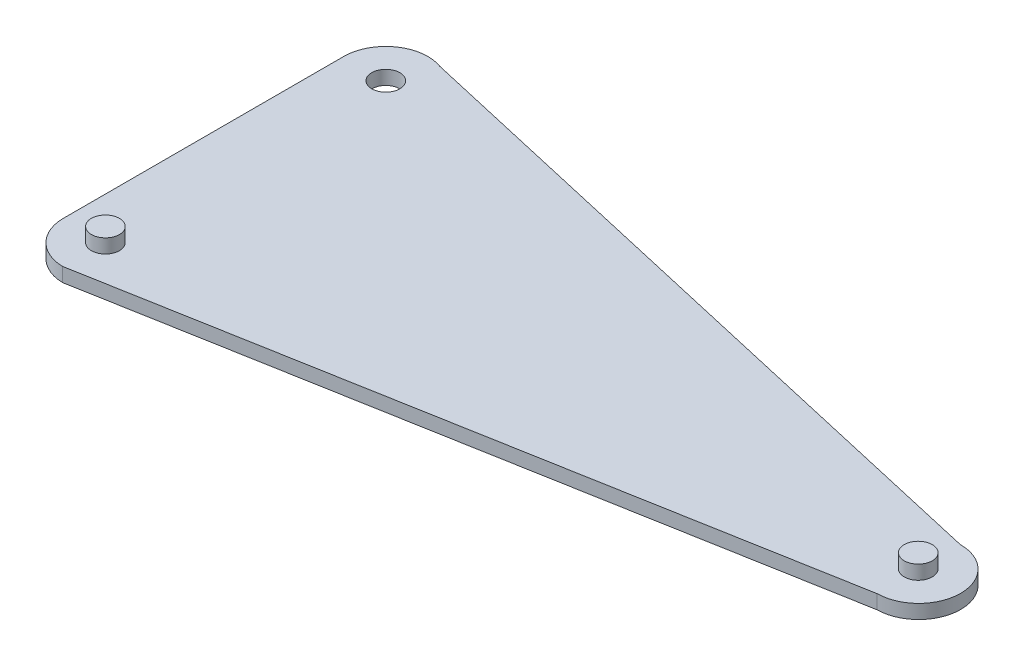
ISO-10303-21;
HEADER;
FILE_DESCRIPTION(('STEP AP214'),'2;1');
FILE_NAME('part.step','',(''),(''),'','','');
FILE_SCHEMA(('AUTOMOTIVE_DESIGN { 1 0 10303 214 1 1 1 1 }'));
ENDSEC;
DATA;
#1=APPLICATION_CONTEXT('core data for automotive mechanical design processes');
#2=APPLICATION_PROTOCOL_DEFINITION('international standard','automotive_design',2000,#1);
#3=PRODUCT_CONTEXT('',#1,'mechanical');
#4=PRODUCT('Part','Part','',(#3));
#5=PRODUCT_RELATED_PRODUCT_CATEGORY('part','',(#4));
#6=PRODUCT_DEFINITION_FORMATION('','',#4);
#7=PRODUCT_DEFINITION_CONTEXT('part definition',#1,'design');
#8=PRODUCT_DEFINITION('design','',#6,#7);
#9=PRODUCT_DEFINITION_SHAPE('','',#8);
#10=(LENGTH_UNIT() NAMED_UNIT(*) SI_UNIT(.MILLI.,.METRE.));
#11=(NAMED_UNIT(*) PLANE_ANGLE_UNIT() SI_UNIT($,.RADIAN.));
#12=(NAMED_UNIT(*) SI_UNIT($,.STERADIAN.) SOLID_ANGLE_UNIT());
#13=UNCERTAINTY_MEASURE_WITH_UNIT(LENGTH_MEASURE(1.E-05),#10,'distance_accuracy_value','');
#14=(GEOMETRIC_REPRESENTATION_CONTEXT(3) GLOBAL_UNCERTAINTY_ASSIGNED_CONTEXT((#13)) GLOBAL_UNIT_ASSIGNED_CONTEXT((#10,
#11,#12)) REPRESENTATION_CONTEXT('',''));
#15=CARTESIAN_POINT('',(0.,0.,0.));
#16=DIRECTION('',(0.,0.,1.));
#17=DIRECTION('',(1.,0.,0.));
#18=AXIS2_PLACEMENT_3D('',#15,#16,#17);
#19=CARTESIAN_POINT('',(4.46256038726198,1.,0.));
#20=DIRECTION('',(0.,-1.,0.));
#21=DIRECTION('',(0.,0.,-1.));
#22=AXIS2_PLACEMENT_3D('',#19,#20,#21);
#23=CYLINDRICAL_SURFACE('',#22,1.);
#24=CARTESIAN_POINT('',(4.46256038726198,0.,0.));
#25=DIRECTION('',(0.,1.,0.));
#26=DIRECTION('',(0.,0.,1.));
#27=AXIS2_PLACEMENT_3D('',#24,#25,#26);
#28=CIRCLE('',#27,1.);
#29=CARTESIAN_POINT('',(4.46256038726198,0.,1.));
#30=VERTEX_POINT('',#29);
#31=EDGE_CURVE('E282',#30,#30,#28,.T.);
#32=ORIENTED_EDGE('',*,*,#31,.F.);
#33=EDGE_LOOP('',(#32));
#34=FACE_BOUND('',#33,.T.);
#35=CARTESIAN_POINT('',(4.46256038726198,0.5,0.));
#36=DIRECTION('',(0.,1.,0.));
#37=DIRECTION('',(0.,0.,1.));
#38=AXIS2_PLACEMENT_3D('',#35,#36,#37);
#39=CIRCLE('',#38,1.);
#40=CARTESIAN_POINT('',(4.46256038726198,0.5,1.));
#41=VERTEX_POINT('',#40);
#42=EDGE_CURVE('E274',#41,#41,#39,.T.);
#43=ORIENTED_EDGE('',*,*,#42,.T.);
#44=EDGE_LOOP('',(#43));
#45=FACE_BOUND('',#44,.T.);
#46=ADVANCED_FACE('F38',(#34,#45),#23,.F.);
#47=CARTESIAN_POINT('',(-44.6828800545384,1.,-11.1642246316802));
#48=DIRECTION('',(0.,1.,0.));
#49=DIRECTION('',(0.,0.,1.));
#50=AXIS2_PLACEMENT_3D('',#47,#48,#49);
#51=PLANE('',#50);
#52=CARTESIAN_POINT('',(4.46256038726198,1.,0.));
#53=DIRECTION('',(0.,1.,0.));
#54=DIRECTION('',(0.,0.,1.));
#55=AXIS2_PLACEMENT_3D('',#52,#53,#54);
#56=CIRCLE('',#55,1.);
#57=CARTESIAN_POINT('',(4.46256038726198,1.,1.));
#58=VERTEX_POINT('',#57);
#59=EDGE_CURVE('E283',#58,#58,#56,.T.);
#60=ORIENTED_EDGE('',*,*,#59,.F.);
#61=EDGE_LOOP('',(#60));
#62=FACE_BOUND('',#61,.T.);
#63=CARTESIAN_POINT('',(-44.6828800545384,1.,-11.1642246316802));
#64=DIRECTION('',(0.,1.,0.));
#65=DIRECTION('',(0.,0.,1.));
#66=AXIS2_PLACEMENT_3D('',#63,#64,#65);
#67=CIRCLE('',#66,3.);
#68=CARTESIAN_POINT('',(-43.6575830945841,1.,-13.9835802573345));
#69=VERTEX_POINT('',#68);
#70=CARTESIAN_POINT('',(-47.6828800545384,1.,-11.1642246316802));
#71=VERTEX_POINT('',#70);
#72=EDGE_CURVE('E135',#69,#71,#67,.T.);
#73=ORIENTED_EDGE('',*,*,#72,.T.);
#74=DIRECTION('',(0.,0.,1.));
#75=VECTOR('',#74,1.);
#76=CARTESIAN_POINT('',(-47.6828800545384,1.,-11.1642246316802));
#77=LINE('',#76,#75);
#78=CARTESIAN_POINT('',(-47.6828800545384,1.,8.83577536831982));
#79=VERTEX_POINT('',#78);
#80=EDGE_CURVE('E92',#71,#79,#77,.T.);
#81=ORIENTED_EDGE('',*,*,#80,.T.);
#82=CARTESIAN_POINT('',(-44.6828800545384,1.,8.83577536831982));
#83=DIRECTION('',(0.,1.,0.));
#84=DIRECTION('',(0.,0.,-1.));
#85=AXIS2_PLACEMENT_3D('',#82,#83,#84);
#86=CIRCLE('',#85,3.);
#87=CARTESIAN_POINT('',(-44.7526191470283,1.,11.8349646686106));
#88=VERTEX_POINT('',#87);
#89=EDGE_CURVE('E106',#79,#88,#86,.T.);
#90=ORIENTED_EDGE('',*,*,#89,.T.);
#91=DIRECTION('',(0.984295975568269,0.,-0.176526010774927));
#92=VECTOR('',#91,1.);
#93=CARTESIAN_POINT('',(-44.7526191470283,1.,11.8349646686106));
#94=LINE('',#93,#92);
#95=CARTESIAN_POINT('',(4.51283967309183,1.,2.99957863597813));
#96=VERTEX_POINT('',#95);
#97=EDGE_CURVE('E99',#88,#96,#94,.T.);
#98=ORIENTED_EDGE('',*,*,#97,.T.);
#99=CARTESIAN_POINT('',(4.4877000301769,1.,-0.000210682010933472));
#100=DIRECTION('',(0.,1.,0.));
#101=DIRECTION('',(0.,0.,-1.));
#102=AXIS2_PLACEMENT_3D('',#99,#100,#101);
#103=CIRCLE('',#102,2.99989465714501);
#104=CARTESIAN_POINT('',(4.46256038726198,1.,-3.));
#105=VERTEX_POINT('',#104);
#106=EDGE_CURVE('E104',#96,#105,#103,.T.);
#107=ORIENTED_EDGE('',*,*,#106,.T.);
#108=DIRECTION('',(-0.974925839666068,0.,-0.222530014046223));
#109=VECTOR('',#108,1.);
#110=CARTESIAN_POINT('',(-43.6575830945841,1.,-13.9835802573345));
#111=LINE('',#110,#109);
#112=EDGE_CURVE('E55',#105,#69,#111,.T.);
#113=ORIENTED_EDGE('',*,*,#112,.T.);
#114=EDGE_LOOP('',(#73,#81,#90,#98,#107,#113));
#115=FACE_BOUND('',#114,.T.);
#116=CARTESIAN_POINT('',(-44.6828800545384,1.,-11.1642246316802));
#117=DIRECTION('',(0.,1.,0.));
#118=DIRECTION('',(0.,0.,1.));
#119=AXIS2_PLACEMENT_3D('',#116,#117,#118);
#120=CIRCLE('',#119,0.999999999999998);
#121=CARTESIAN_POINT('',(-44.6828800545384,1.,-10.1642246316802));
#122=VERTEX_POINT('',#121);
#123=EDGE_CURVE('E128',#122,#122,#120,.T.);
#124=ORIENTED_EDGE('',*,*,#123,.F.);
#125=EDGE_LOOP('',(#124));
#126=FACE_BOUND('',#125,.T.);
#127=CARTESIAN_POINT('',(-44.6828800545384,1.,8.83577536831982));
#128=DIRECTION('',(0.,1.,0.));
#129=DIRECTION('',(0.,0.,1.));
#130=AXIS2_PLACEMENT_3D('',#127,#128,#129);
#131=CIRCLE('',#130,0.999999999999998);
#132=CARTESIAN_POINT('',(-44.6828800545384,1.,9.83577536831982));
#133=VERTEX_POINT('',#132);
#134=EDGE_CURVE('E279',#133,#133,#131,.T.);
#135=ORIENTED_EDGE('',*,*,#134,.F.);
#136=EDGE_LOOP('',(#135));
#137=FACE_BOUND('',#136,.T.);
#138=ADVANCED_FACE('F101',(#62,#115,#126,#137),#51,.T.);
#139=CARTESIAN_POINT('',(-44.6828800545384,0.,-11.1642246316802));
#140=DIRECTION('',(0.,1.,0.));
#141=DIRECTION('',(0.,0.,1.));
#142=AXIS2_PLACEMENT_3D('',#139,#140,#141);
#143=PLANE('',#142);
#144=CARTESIAN_POINT('',(-44.6828800545384,0.,-11.1642246316802));
#145=DIRECTION('',(0.,1.,0.));
#146=DIRECTION('',(0.,0.,1.));
#147=AXIS2_PLACEMENT_3D('',#144,#145,#146);
#148=CIRCLE('',#147,3.);
#149=CARTESIAN_POINT('',(-43.6575830945841,0.,-13.9835802573345));
#150=VERTEX_POINT('',#149);
#151=CARTESIAN_POINT('',(-47.6828800545384,0.,-11.1642246316802));
#152=VERTEX_POINT('',#151);
#153=EDGE_CURVE('E124',#150,#152,#148,.T.);
#154=ORIENTED_EDGE('',*,*,#153,.F.);
#155=DIRECTION('',(-0.974925839666068,0.,-0.222530014046223));
#156=VECTOR('',#155,1.);
#157=CARTESIAN_POINT('',(-43.6575830945841,0.,-13.9835802573345));
#158=LINE('',#157,#156);
#159=CARTESIAN_POINT('',(4.46256038726198,0.,-3.));
#160=VERTEX_POINT('',#159);
#161=EDGE_CURVE('E84',#160,#150,#158,.T.);
#162=ORIENTED_EDGE('',*,*,#161,.F.);
#163=CARTESIAN_POINT('',(4.4877000301769,0.,-0.000210682010933472));
#164=DIRECTION('',(0.,1.,0.));
#165=DIRECTION('',(0.,0.,-1.));
#166=AXIS2_PLACEMENT_3D('',#163,#164,#165);
#167=CIRCLE('',#166,2.99989465714501);
#168=CARTESIAN_POINT('',(4.51283967309183,0.,2.99957863597813));
#169=VERTEX_POINT('',#168);
#170=EDGE_CURVE('E78',#169,#160,#167,.T.);
#171=ORIENTED_EDGE('',*,*,#170,.F.);
#172=DIRECTION('',(0.984295975568269,0.,-0.176526010774927));
#173=VECTOR('',#172,1.);
#174=CARTESIAN_POINT('',(-44.7526191470283,0.,11.8349646686106));
#175=LINE('',#174,#173);
#176=CARTESIAN_POINT('',(-44.7526191470283,0.,11.8349646686106));
#177=VERTEX_POINT('',#176);
#178=EDGE_CURVE('E114',#177,#169,#175,.T.);
#179=ORIENTED_EDGE('',*,*,#178,.F.);
#180=CARTESIAN_POINT('',(-44.6828800545384,0.,8.83577536831982));
#181=DIRECTION('',(0.,1.,0.));
#182=DIRECTION('',(0.,0.,-1.));
#183=AXIS2_PLACEMENT_3D('',#180,#181,#182);
#184=CIRCLE('',#183,3.);
#185=CARTESIAN_POINT('',(-47.6828800545384,0.,8.83577536831982));
#186=VERTEX_POINT('',#185);
#187=EDGE_CURVE('E130',#186,#177,#184,.T.);
#188=ORIENTED_EDGE('',*,*,#187,.F.);
#189=DIRECTION('',(0.,0.,1.));
#190=VECTOR('',#189,1.);
#191=CARTESIAN_POINT('',(-47.6828800545384,0.,-11.1642246316802));
#192=LINE('',#191,#190);
#193=EDGE_CURVE('E127',#152,#186,#192,.T.);
#194=ORIENTED_EDGE('',*,*,#193,.F.);
#195=EDGE_LOOP('',(#154,#162,#171,#179,#188,#194));
#196=FACE_BOUND('',#195,.T.);
#197=CARTESIAN_POINT('',(-44.6828800545384,0.,-11.1642246316802));
#198=DIRECTION('',(0.,1.,0.));
#199=DIRECTION('',(0.,0.,1.));
#200=AXIS2_PLACEMENT_3D('',#197,#198,#199);
#201=CIRCLE('',#200,0.999999999999998);
#202=CARTESIAN_POINT('',(-44.6828800545384,0.,-10.1642246316802));
#203=VERTEX_POINT('',#202);
#204=EDGE_CURVE('E286',#203,#203,#201,.T.);
#205=ORIENTED_EDGE('',*,*,#204,.T.);
#206=EDGE_LOOP('',(#205));
#207=FACE_BOUND('',#206,.T.);
#208=ORIENTED_EDGE('',*,*,#31,.T.);
#209=EDGE_LOOP('',(#208));
#210=FACE_BOUND('',#209,.T.);
#211=ADVANCED_FACE('F144',(#196,#207,#210),#143,.F.);
#212=CARTESIAN_POINT('',(-44.6828800545384,1.,-11.1642246316802));
#213=DIRECTION('',(0.,-1.,0.));
#214=DIRECTION('',(0.,0.,-1.));
#215=AXIS2_PLACEMENT_3D('',#212,#213,#214);
#216=CYLINDRICAL_SURFACE('',#215,3.);
#217=ORIENTED_EDGE('',*,*,#153,.T.);
#218=DIRECTION('',(0.,-1.,0.));
#219=VECTOR('',#218,1.);
#220=CARTESIAN_POINT('',(-47.6828800545384,1.,-11.1642246316802));
#221=LINE('',#220,#219);
#222=EDGE_CURVE('E11',#71,#152,#221,.T.);
#223=ORIENTED_EDGE('',*,*,#222,.F.);
#224=ORIENTED_EDGE('',*,*,#72,.F.);
#225=DIRECTION('',(0.,-1.,0.));
#226=VECTOR('',#225,1.);
#227=CARTESIAN_POINT('',(-43.6575830945841,1.,-13.9835802573345));
#228=LINE('',#227,#226);
#229=EDGE_CURVE('E120',#69,#150,#228,.T.);
#230=ORIENTED_EDGE('',*,*,#229,.T.);
#231=EDGE_LOOP('',(#217,#223,#224,#230));
#232=FACE_BOUND('',#231,.T.);
#233=ADVANCED_FACE('F40',(#232),#216,.T.);
#234=CARTESIAN_POINT('',(-47.6828800545384,1.,-11.1642246316802));
#235=DIRECTION('',(1.,0.,0.));
#236=DIRECTION('',(0.,0.,-1.));
#237=AXIS2_PLACEMENT_3D('',#234,#235,#236);
#238=PLANE('',#237);
#239=ORIENTED_EDGE('',*,*,#193,.T.);
#240=DIRECTION('',(0.,-1.,0.));
#241=VECTOR('',#240,1.);
#242=CARTESIAN_POINT('',(-47.6828800545384,1.,8.83577536831982));
#243=LINE('',#242,#241);
#244=EDGE_CURVE('E47',#79,#186,#243,.T.);
#245=ORIENTED_EDGE('',*,*,#244,.F.);
#246=ORIENTED_EDGE('',*,*,#80,.F.);
#247=ORIENTED_EDGE('',*,*,#222,.T.);
#248=EDGE_LOOP('',(#239,#245,#246,#247));
#249=FACE_BOUND('',#248,.T.);
#250=ADVANCED_FACE('F181',(#249),#238,.F.);
#251=CARTESIAN_POINT('',(-44.6828800545384,1.,8.83577536831982));
#252=DIRECTION('',(0.,-1.,0.));
#253=DIRECTION('',(0.,0.,-1.));
#254=AXIS2_PLACEMENT_3D('',#251,#252,#253);
#255=CYLINDRICAL_SURFACE('',#254,3.);
#256=ORIENTED_EDGE('',*,*,#187,.T.);
#257=DIRECTION('',(0.,-1.,0.));
#258=VECTOR('',#257,1.);
#259=CARTESIAN_POINT('',(-44.7526191470283,1.,11.8349646686106));
#260=LINE('',#259,#258);
#261=EDGE_CURVE('E115',#88,#177,#260,.T.);
#262=ORIENTED_EDGE('',*,*,#261,.F.);
#263=ORIENTED_EDGE('',*,*,#89,.F.);
#264=ORIENTED_EDGE('',*,*,#244,.T.);
#265=EDGE_LOOP('',(#256,#262,#263,#264));
#266=FACE_BOUND('',#265,.T.);
#267=ADVANCED_FACE('F141',(#266),#255,.T.);
#268=CARTESIAN_POINT('',(-44.7526191470283,1.,11.8349646686106));
#269=DIRECTION('',(-0.176526010774927,0.,-0.984295975568269));
#270=DIRECTION('',(-0.984295975568269,0.,0.176526010774927));
#271=AXIS2_PLACEMENT_3D('',#268,#269,#270);
#272=PLANE('',#271);
#273=ORIENTED_EDGE('',*,*,#178,.T.);
#274=DIRECTION('',(0.,-1.,0.));
#275=VECTOR('',#274,1.);
#276=CARTESIAN_POINT('',(4.51283967309183,1.,2.99957863597813));
#277=LINE('',#276,#275);
#278=EDGE_CURVE('E111',#96,#169,#277,.T.);
#279=ORIENTED_EDGE('',*,*,#278,.F.);
#280=ORIENTED_EDGE('',*,*,#97,.F.);
#281=ORIENTED_EDGE('',*,*,#261,.T.);
#282=EDGE_LOOP('',(#273,#279,#280,#281));
#283=FACE_BOUND('',#282,.T.);
#284=ADVANCED_FACE('F112',(#283),#272,.F.);
#285=CARTESIAN_POINT('',(4.4877000301769,1.,-0.000210682010933472));
#286=DIRECTION('',(0.,-1.,0.));
#287=DIRECTION('',(0.,0.,-1.));
#288=AXIS2_PLACEMENT_3D('',#285,#286,#287);
#289=CYLINDRICAL_SURFACE('',#288,2.99989465714501);
#290=ORIENTED_EDGE('',*,*,#170,.T.);
#291=DIRECTION('',(0.,-1.,0.));
#292=VECTOR('',#291,1.);
#293=CARTESIAN_POINT('',(4.46256038726198,1.,-3.));
#294=LINE('',#293,#292);
#295=EDGE_CURVE('E116',#105,#160,#294,.T.);
#296=ORIENTED_EDGE('',*,*,#295,.F.);
#297=ORIENTED_EDGE('',*,*,#106,.F.);
#298=ORIENTED_EDGE('',*,*,#278,.T.);
#299=EDGE_LOOP('',(#290,#296,#297,#298));
#300=FACE_BOUND('',#299,.T.);
#301=ADVANCED_FACE('F118',(#300),#289,.T.);
#302=CARTESIAN_POINT('',(-43.6575830945841,1.,-13.9835802573345));
#303=DIRECTION('',(-0.222530014046223,0.,0.974925839666068));
#304=DIRECTION('',(0.974925839666068,0.,0.222530014046223));
#305=AXIS2_PLACEMENT_3D('',#302,#303,#304);
#306=PLANE('',#305);
#307=ORIENTED_EDGE('',*,*,#161,.T.);
#308=ORIENTED_EDGE('',*,*,#229,.F.);
#309=ORIENTED_EDGE('',*,*,#112,.F.);
#310=ORIENTED_EDGE('',*,*,#295,.T.);
#311=EDGE_LOOP('',(#307,#308,#309,#310));
#312=FACE_BOUND('',#311,.T.);
#313=ADVANCED_FACE('F149',(#312),#306,.F.);
#314=CARTESIAN_POINT('',(-44.6828800545384,1.,-11.1642246316802));
#315=DIRECTION('',(0.,-1.,0.));
#316=DIRECTION('',(0.,0.,-1.));
#317=AXIS2_PLACEMENT_3D('',#314,#315,#316);
#318=CYLINDRICAL_SURFACE('',#317,0.999999999999998);
#319=ORIENTED_EDGE('',*,*,#123,.T.);
#320=EDGE_LOOP('',(#319));
#321=FACE_BOUND('',#320,.T.);
#322=ORIENTED_EDGE('',*,*,#204,.F.);
#323=EDGE_LOOP('',(#322));
#324=FACE_BOUND('',#323,.T.);
#325=ADVANCED_FACE('F151',(#321,#324),#318,.F.);
#326=CARTESIAN_POINT('',(4.46256038726198,0.5,0.));
#327=DIRECTION('',(0.,1.,0.));
#328=DIRECTION('',(0.,0.,1.));
#329=AXIS2_PLACEMENT_3D('',#326,#327,#328);
#330=PLANE('',#329);
#331=ORIENTED_EDGE('',*,*,#42,.F.);
#332=EDGE_LOOP('',(#331));
#333=FACE_BOUND('',#332,.T.);
#334=ADVANCED_FACE('F157',(#333),#330,.F.);
#335=CARTESIAN_POINT('',(4.46256038726198,1.5,0.));
#336=DIRECTION('',(0.,-1.,0.));
#337=DIRECTION('',(0.,0.,-1.));
#338=AXIS2_PLACEMENT_3D('',#335,#336,#337);
#339=CYLINDRICAL_SURFACE('',#338,1.);
#340=ORIENTED_EDGE('',*,*,#59,.T.);
#341=EDGE_LOOP('',(#340));
#342=FACE_BOUND('',#341,.T.);
#343=CARTESIAN_POINT('',(4.46256038726198,2.,0.));
#344=DIRECTION('',(0.,1.,0.));
#345=DIRECTION('',(0.,0.,1.));
#346=AXIS2_PLACEMENT_3D('',#343,#344,#345);
#347=CIRCLE('',#346,1.);
#348=CARTESIAN_POINT('',(4.46256038726198,2.,1.));
#349=VERTEX_POINT('',#348);
#350=EDGE_CURVE('E271',#349,#349,#347,.T.);
#351=ORIENTED_EDGE('',*,*,#350,.F.);
#352=EDGE_LOOP('',(#351));
#353=FACE_BOUND('',#352,.T.);
#354=ADVANCED_FACE('F173',(#342,#353),#339,.T.);
#355=CARTESIAN_POINT('',(4.46256038726198,2.,0.));
#356=DIRECTION('',(0.,1.,0.));
#357=DIRECTION('',(0.,0.,1.));
#358=AXIS2_PLACEMENT_3D('',#355,#356,#357);
#359=PLANE('',#358);
#360=ORIENTED_EDGE('',*,*,#350,.T.);
#361=EDGE_LOOP('',(#360));
#362=FACE_BOUND('',#361,.T.);
#363=ADVANCED_FACE('F231',(#362),#359,.T.);
#364=CARTESIAN_POINT('',(-44.6828800545384,2.,8.83577536831982));
#365=DIRECTION('',(0.,-1.,0.));
#366=DIRECTION('',(0.,0.,-1.));
#367=AXIS2_PLACEMENT_3D('',#364,#365,#366);
#368=CYLINDRICAL_SURFACE('',#367,0.999999999999998);
#369=ORIENTED_EDGE('',*,*,#134,.T.);
#370=EDGE_LOOP('',(#369));
#371=FACE_BOUND('',#370,.T.);
#372=CARTESIAN_POINT('',(-44.6828800545384,2.,8.83577536831982));
#373=DIRECTION('',(0.,1.,0.));
#374=DIRECTION('',(0.,0.,1.));
#375=AXIS2_PLACEMENT_3D('',#372,#373,#374);
#376=CIRCLE('',#375,0.999999999999998);
#377=CARTESIAN_POINT('',(-44.6828800545384,2.,9.83577536831982));
#378=VERTEX_POINT('',#377);
#379=EDGE_CURVE('E269',#378,#378,#376,.T.);
#380=ORIENTED_EDGE('',*,*,#379,.F.);
#381=EDGE_LOOP('',(#380));
#382=FACE_BOUND('',#381,.T.);
#383=ADVANCED_FACE('F238',(#371,#382),#368,.T.);
#384=CARTESIAN_POINT('',(-44.6828800545384,2.,8.83577536831982));
#385=DIRECTION('',(0.,1.,0.));
#386=DIRECTION('',(0.,0.,1.));
#387=AXIS2_PLACEMENT_3D('',#384,#385,#386);
#388=PLANE('',#387);
#389=ORIENTED_EDGE('',*,*,#379,.T.);
#390=EDGE_LOOP('',(#389));
#391=FACE_BOUND('',#390,.T.);
#392=ADVANCED_FACE('F253',(#391),#388,.T.);
#393=CLOSED_SHELL('',(#46,#138,#211,#233,#250,#267,#284,#301,#313,#325,#334,#354,#363,#383,#392));
#394=MANIFOLD_SOLID_BREP('B2',#393);
#395=ADVANCED_BREP_SHAPE_REPRESENTATION('',(#18,#394),#14);
#396=SHAPE_DEFINITION_REPRESENTATION(#9,#395);
ENDSEC;
END-ISO-10303-21;
•••
> _WHAT YOU ARE ASKED TO DO_
Needed here is a verbatim copy of the data from the first line through the line with "#1=APPLICATION_CONTEXT('core data for", without pictures.

> _SOLVED PROBLEM_
ISO-10303-21;
HEADER;
FILE_DESCRIPTION(('STEP AP214'),'2;1');
FILE_NAME('part.step','',(''),(''),'','','');
FILE_SCHEMA(('AUTOMOTIVE_DESIGN { 1 0 10303 214 1 1 1 1 }'));
ENDSEC;
DATA;
#1=APPLICATION_CONTEXT('core data for automotive mechanical design processes');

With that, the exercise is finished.